Work out how many lines below contain "vitlo", then write only that number.
**********
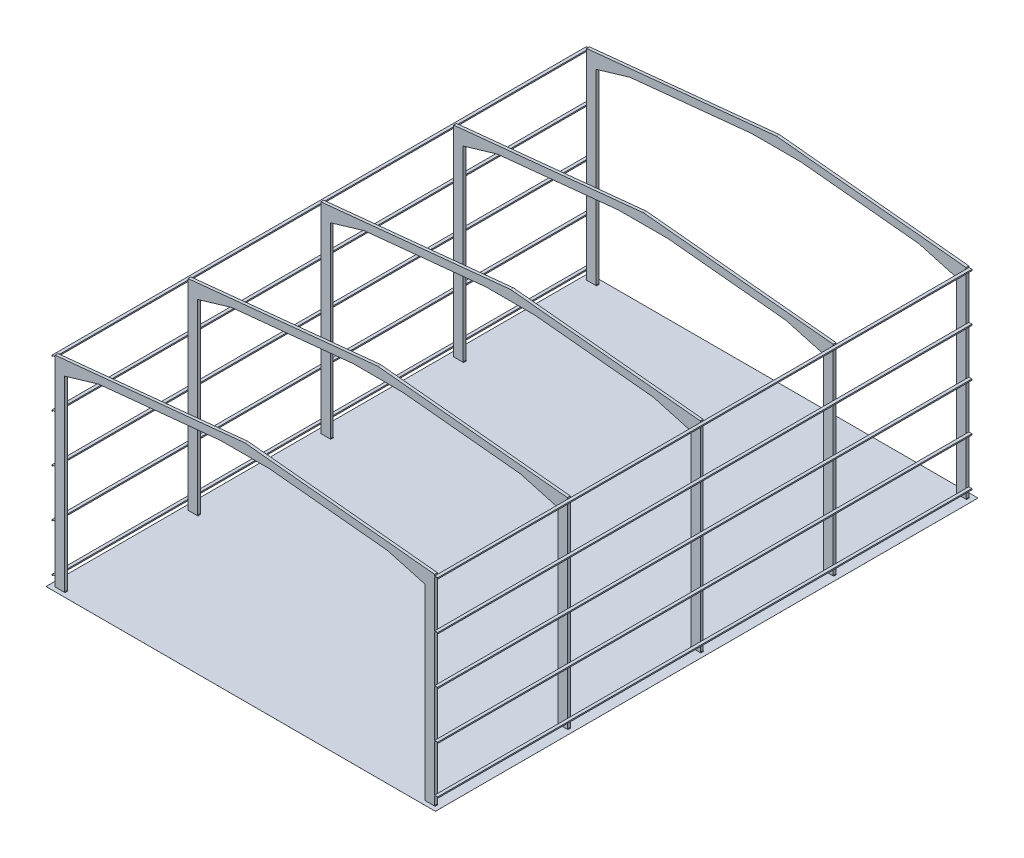
SolidWorks part; units mm, degrees
ref_plane " " through (0, 0, 0) normal (0, 0, 1) x (1, 0, 0)
ref_plane "Top Plane" through (0, 0, 0) normal (0, 1, 0) x (1, 0, 0)
ref_plane "Right Plane" through (0, 0, 0) normal (1, 0, 0) x (0, 0, -1)
sketch "Sketch1"
  dimension "D1" = 1000
  dimension "D2" = 750
  dimension "D3" = 750
  dimension "D4" = 850
  dimension "D5" = 8775
  dimension "D6" = 1300.0407
  dimension "D7" = 2150
  dimension "D8" = 500
  dimension "D9" = 2500
  dimension "D10" = 2500
  dimension "D11" = 2500
  dimension "D12" = 10600.0407
  dimension "D13" = 6000
  dimension "D14" = 7500
  dimension "D15" = 9100
  dimension "D16" = 2500
  dimension "D17" = 2500
  dimension "D18" = 100.0407
  dimension "D19" = 975
  dimension "D20" = 8000
  dimension "D21" = 400
  dimension "D22" = 1250
  dimension "D23" = 6000
  dimension "D24" = 525
  dimension "D25" = 100
  dimension "D26" = 10746.2668
  dimension "D27" = 1040.2205
  dimension "D28" = 19500
  dimension "D29" = 200
  dimension "D30" = 34.4142
  dimension "D31" = 10354.0871
  dimension "D32" = 3908.6556
  dimension "D33" = 200
  dimension "D34" = 130
  dimension "D35" = 200
  dimension "D36" = 4109.5991
  dimension "D37" = 101
sketch_block_instance "IPE500_0-1"
sketch_block "IPE500_0"
sketch_block_instance "IPE180_2-1"
sketch_block "IPE180_2"
sketch_block_instance "IPE180_3-1"
sketch_block "IPE180_3"
sketch_block_instance "Vkota-gd_4-1"
sketch_block "Vkota-gd_4"
sketch_block_instance "Vkota-gd_5-1"
sketch_block "Vkota-gd_5"
sketch_block_instance "Vkota-gd_6-1"
sketch_block "Vkota-gd_6"
sketch_block_instance "UNP160_7-1"
sketch_block "UNP160_7"
sketch_block_instance "UNP160_8-1"
sketch_block "UNP160_8"
sketch_block_instance "UNP160_9-1"
sketch_block "UNP160_9"
sketch_block_instance "UNP160_10-1"
sketch_block "UNP160_10"
sketch_block_instance "UNP300_11-1"
sketch_block "UNP300_11"
sketch_block_instance "UNP160_12-1"
sketch_block "UNP160_12"
sketch_block_instance "UNP200_13-1"
sketch_block "UNP200_13"
sketch_block_instance "UNP200_14-1"
sketch_block "UNP200_14"
sketch_block_instance "vitlo-1"
sketch_block "vitlo"
sketch_block_instance "IPE500_16-1"
sketch_block "IPE500_16"
sketch_block_instance "UNP300_17-1"
sketch_block "UNP300_17"
sketch_block_instance "IPE180_18-1"
sketch_block "IPE180_18"
sketch_block_instance "IPE180_19-1"
sketch_block "IPE180_19"
sketch_block_instance "UNP160_25-1"
sketch_block "UNP160_25"
sketch_block_instance "UNP160_26-1"
sketch_block "UNP160_26"
sketch_block_instance "UNP160_27-1"
sketch_block "UNP160_27"
sketch_block_instance "UNP160_28-1"
sketch_block "UNP160_28"
sketch_block_instance "UNP160_29-1"
sketch_block "UNP160_29"
sketch_block_instance "UNP200_32-1"
sketch_block "UNP200_32"
sketch_block_instance "UNP200_33-1"
sketch_block "UNP200_33"
sketch_block_instance "oo h-1"
sketch_block "oo h"
sketch_block_instance "A$C0EF406AC-1"
sketch_block "A$C0EF406AC"
sketch_block_instance "VISKOTA_35-1"
sketch_block "VISKOTA_35"
sketch_block_instance "VISKOTA_36-1"
sketch_block "VISKOTA_36"
sketch_block_instance "VISKOTA_37-1"
sketch_block "VISKOTA_37"
sketch_block_instance "VISKOTA_38-1"
sketch_block "VISKOTA_38"
sketch_block_instance "VISKOTA_39-1"
sketch_block "VISKOTA_39"
sketch_block_instance "VISKOTA_40-1"
sketch_block "VISKOTA_40"
sketch_block_instance "oo h_41-1"
sketch_block "oo h_41"
sketch_block_instance "VISKOTA_42-1"
sketch_block "VISKOTA_42"
sketch_block_instance "VISKOTA_43-1"
sketch_block "VISKOTA_43"
sketch_block_instance "VISKOTA_44-1"
sketch_block "VISKOTA_44"
sketch_block_instance "VISKOTA_45-1"
sketch_block "VISKOTA_45"
sketch_block_instance "VISKOTA_46-1"
sketch_block "VISKOTA_46"
sketch_block_instance "VISKOTA_47-1"
sketch_block "VISKOTA_47"
sketch_block_instance "VRATA-izgled_48-1"
sketch_block "VRATA-izgled_48"
sketch_block_instance "VISKOTA_49-1"
sketch_block "VISKOTA_49"
sketch "Sketch55" plane through (0, 0, 0) normal (0, 0, 1) x (1, 0, 0)
  line L0 (128234.4456, -80629.9544) -> (130024.2471, -80099.2286) construction
  line L1 (130024.2471, -80099.2286) -> (136434.4456, -79458.2088) construction
  line L2 (127734.4456, -79926.2138) -> (137734.4456, -78926.2138) construction
  line L3 (136434.4456, -79458.2088) -> (137734.4456, -79458.2088) construction
  line L4 (139034.4456, -79458.2088) -> (137734.4456, -79458.2088) construction
  line L5 (145244.6441, -80079.2286) -> (139034.4456, -79458.2088) construction
  line L6 (147734.4456, -79926.2138) -> (137734.4456, -78926.2138) construction
  line L7 (147234.4456, -80629.9544) -> (145244.6441, -80079.2286) construction
  line L8 (127734.4456, -90476.2544) -> (127734.4456, -79926.2138) construction
  line L9 (128234.4456, -90451.2544) -> (128234.4456, -79876.2138) construction
  line L11 (147734.4456, -90451.2544) -> (147734.4456, -79926.2138) construction
  line L12 (147234.4456, -90451.2544) -> (147234.4456, -79876.2138) construction
  line L14 (128234.4456, -80629.9544) -> (130024.2471, -80099.2286)
  line L15 (130024.2471, -80099.2286) -> (136434.4456, -79458.2088)
  line L16 (127734.4456, -79926.2138) -> (137734.4456, -78926.2138)
  line L17 (136434.4456, -79458.2088) -> (137734.4456, -79458.2088)
  line L18 (139034.4456, -79458.2088) -> (137734.4456, -79458.2088)
  line L19 (145244.6441, -80079.2286) -> (139034.4456, -79458.2088)
  line L20 (147734.4456, -79926.2138) -> (137734.4456, -78926.2138)
  line L21 (147234.4456, -80629.9544) -> (145244.6441, -80079.2286)
  line L22 (127734.4456, -90476.2544) -> (127734.4456, -79926.2138)
  line L23 (128234.4456, -90476.2544) -> (128234.4456, -80629.9544)
  line L24 (127709.4456, -90501.2544) -> (127734.4456, -90476.2544)
  line L25 (147734.4456, -90476.2544) -> (147734.4456, -79926.2138)
  line L26 (147234.4456, -90476.2544) -> (147234.4456, -80629.9544)
  line L27 (147734.4456, -90476.2544) -> (147759.4456, -90501.2544)
  line L29 (127709.4456, -90501.2544) -> (128259.4456, -90501.2544)
  line L30 (128259.4456, -90501.2544) -> (128234.4456, -90476.2544)
  line L32 (147759.4456, -90501.2544) -> (147209.4456, -90501.2544)
  line L33 (147209.4456, -90501.2544) -> (147234.4456, -90476.2544)
extrude "Extrude3" add sketch "Sketch55" along normal blind 150
sketch "Sketch56" plane through (0, 0, 0) normal (0, 0, 1) x (1, 0, 0)
  line L0 (147891.6232, -90066.2544) -> (147894.4456, -90066.2544) construction
  line L1 (147894.4456, -90501.2544) -> (147894.4456, -79768.7081) construction
  line L2 (147734.4456, -90451.2544) -> (147734.4456, -79926.2138) construction
  line L3 (147734.4456, -90066.2544) -> (147737.2681, -90066.2544) construction
  line L4 (147742.7505, -90061.193) -> (147746.1726, -90018.4171) construction
  line L5 (147882.7186, -90018.4171) -> (147886.1407, -90061.193) construction
  line L6 (147814.4456, -90008.7544) -> (147872.2521, -90008.7544) construction
  line L7 (147756.6392, -90008.7544) -> (147814.4456, -90008.7544) construction
  line L8 (147894.4456, -90001.2544) -> (147734.4456, -90001.2544) construction
  line L9 (147891.6232, -90066.2544) -> (147894.4456, -90066.2544)
  line L10 (147894.4456, -90066.2544) -> (147894.4456, -90001.2544)
  line L11 (147734.4456, -90066.2544) -> (147734.4456, -90001.2544)
  line L12 (147734.4456, -90066.2544) -> (147737.2681, -90066.2544)
  line L13 (147742.7505, -90061.193) -> (147746.1726, -90018.4171)
  line L14 (147882.7186, -90018.4171) -> (147886.1407, -90061.193)
  line L15 (147814.4456, -90008.7544) -> (147872.2521, -90008.7544)
  line L16 (147756.6392, -90008.7544) -> (147814.4456, -90008.7544)
  line L17 (147894.4456, -90001.2544) -> (147734.4456, -90001.2544)
  arc A0 (147737.2681, -90066.2544) -> (147742.7505, -90061.193) centre (147737.2681, -90060.7544) ccw construction
  arc A1 (147756.6392, -90008.7544) -> (147746.1726, -90018.4171) centre (147756.6392, -90019.2544) ccw construction
  arc A2 (147882.7186, -90018.4171) -> (147872.2521, -90008.7544) centre (147872.2521, -90019.2544) ccw construction
  arc A3 (147737.2681, -90066.2544) -> (147742.7505, -90061.193) centre (147737.2681, -90060.7544) ccw
  arc A4 (147756.6392, -90008.7544) -> (147746.1726, -90018.4171) centre (147756.6392, -90019.2544) ccw
  arc A5 (147882.7186, -90018.4171) -> (147872.2521, -90008.7544) centre (147872.2521, -90019.2544) ccw
  arc A6 (147886.1407, -90061.193) -> (147891.6232, -90066.2544) centre (147891.6232, -90060.7544) ccw construction
  arc A7 (147886.1407, -90061.193) -> (147891.6232, -90066.2544) centre (147891.6232, -90060.7544) ccw
extrude "Extrude4" add sketch "Sketch56" along normal blind 28150
pattern_linear "LPattern1" count 5 spacing 2500 along (0, 1, 0) of "Extrude4"
ref_plane "Plane2" through (137734.4456, 0, 0) normal (1, 0, 0) x (0, 0, -1)
mirror "Mirror1" about plane through (137734.4456, 0, 0) normal (1, 0, 0) of "LPattern1", "Extrude4"
pattern_linear "LPattern2" count 5 spacing 7000 along (0, 0, 1) of "Extrude3"
sketch "Sketch57" plane through (0, -90501.2544, 0) normal (0, -1, 0) x (1, 0, 0)
  line L1 (127475.8334, 28370) -> (147993.5757, 28370)
  line L2 (127475.8334, 28370) -> (127475.8334, -220)
  line L3 (127475.8334, -220) -> (147993.5757, -220)
  line L4 (147993.5757, 28370) -> (147993.5757, -220)
extrude "Extrude5" add sketch "Sketch57" against normal blind 1
**********
# Problem solution
2